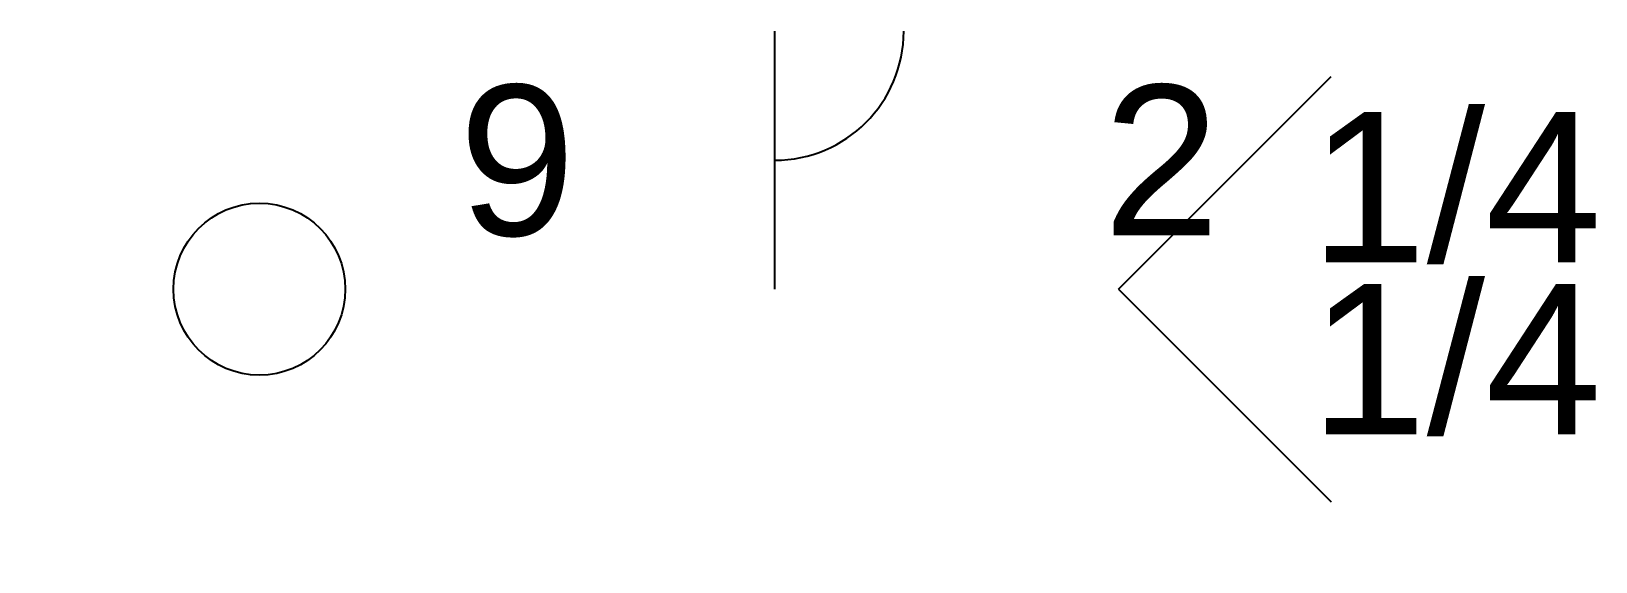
# Model space of a CAD drawing. Header units: inches. Extents: x -17.9 to 18.5, y -4.8 to 7.5.
import ezdxf
from ezdxf.enums import TextEntityAlignment as Align

# ---------------------------------------------------------------- set-up
doc = ezdxf.new("R2010")
doc.units = ezdxf.units.IN
doc.header["$MEASUREMENT"] = 0
doc.layers.add('3t', color=2, linetype='Continuous')
doc.layers.add('dim', color=7, linetype='Continuous')
doc.styles.get("Standard").update_dxf_attribs({"font": 'arial.ttf'})

msp = doc.modelspace()

# ---------------------------------------------------------------- linework, layer by layer
at = {"layer": '3t'}
for p, q in [((-0.626, 1.53), (-0.626, 7.53)), ((7.374, 1.53), (12.323, 6.48)), ((7.374, 1.53), (12.323, -3.419))]:
    msp.add_line(p, q, dxfattribs=at)
msp.add_arc((-0.626, 7.53), 3, 270, 0, dxfattribs=at)
at = {"layer": 'dim'}
msp.add_lwpolyline([(-17.312, -4.187, 0, 1.25, 0), (-15.41, -1.866, 0, 0, 0), (-12.626, 1.53, 0, 0, 0), (7.374, 1.53, 0, 0, 0)], format="xyseb", dxfattribs=at)
msp.add_circle((-12.626, 1.53), 2, dxfattribs=at)

# ---------------------------------------------------------------- texts
at = {"layer": '3t'}
for s, p in [('9', (-6.626, 4.53)), ('2', (8.374, 4.53))]:
    msp.add_text(s, height=3.5, dxfattribs=at).set_placement(p, align=Align.MIDDLE_CENTER)
for p in [(11.833, 3.904), (11.833, -0.096)]:
    msp.add_text('1/4', height=3.5, dxfattribs=at).set_placement(p, align=Align.MIDDLE_LEFT)

doc.saveas('drawing.dxf')

| Brief |
Please copy every record above exactly, but leave the pictures out.

| Output for this exercise |
# Model space of a CAD drawing. Header units: inches. Extents: x -17.9 to 18.5, y -4.8 to 7.5.
import ezdxf
from ezdxf.enums import TextEntityAlignment as Align

# ---------------------------------------------------------------- set-up
doc = ezdxf.new("R2010")
doc.units = ezdxf.units.IN
doc.header["$MEASUREMENT"] = 0
doc.layers.add('3t', color=2, linetype='Continuous')
doc.layers.add('dim', color=7, linetype='Continuous')
doc.styles.get("Standard").update_dxf_attribs({"font": 'arial.ttf'})

msp = doc.modelspace()

# ---------------------------------------------------------------- linework, layer by layer
at = {"layer": '3t'}
for p, q in [((-0.626, 1.53), (-0.626, 7.53)), ((7.374, 1.53), (12.323, 6.48)), ((7.374, 1.53), (12.323, -3.419))]:
    msp.add_line(p, q, dxfattribs=at)
msp.add_arc((-0.626, 7.53), 3, 270, 0, dxfattribs=at)
at = {"layer": 'dim'}
msp.add_lwpolyline([(-17.312, -4.187, 0, 1.25, 0), (-15.41, -1.866, 0, 0, 0), (-12.626, 1.53, 0, 0, 0), (7.374, 1.53, 0, 0, 0)], format="xyseb", dxfattribs=at)
msp.add_circle((-12.626, 1.53), 2, dxfattribs=at)

# ---------------------------------------------------------------- texts
at = {"layer": '3t'}
for s, p in [('9', (-6.626, 4.53)), ('2', (8.374, 4.53))]:
    msp.add_text(s, height=3.5, dxfattribs=at).set_placement(p, align=Align.MIDDLE_CENTER)
for p in [(11.833, 3.904), (11.833, -0.096)]:
    msp.add_text('1/4', height=3.5, dxfattribs=at).set_placement(p, align=Align.MIDDLE_LEFT)

doc.saveas('drawing.dxf')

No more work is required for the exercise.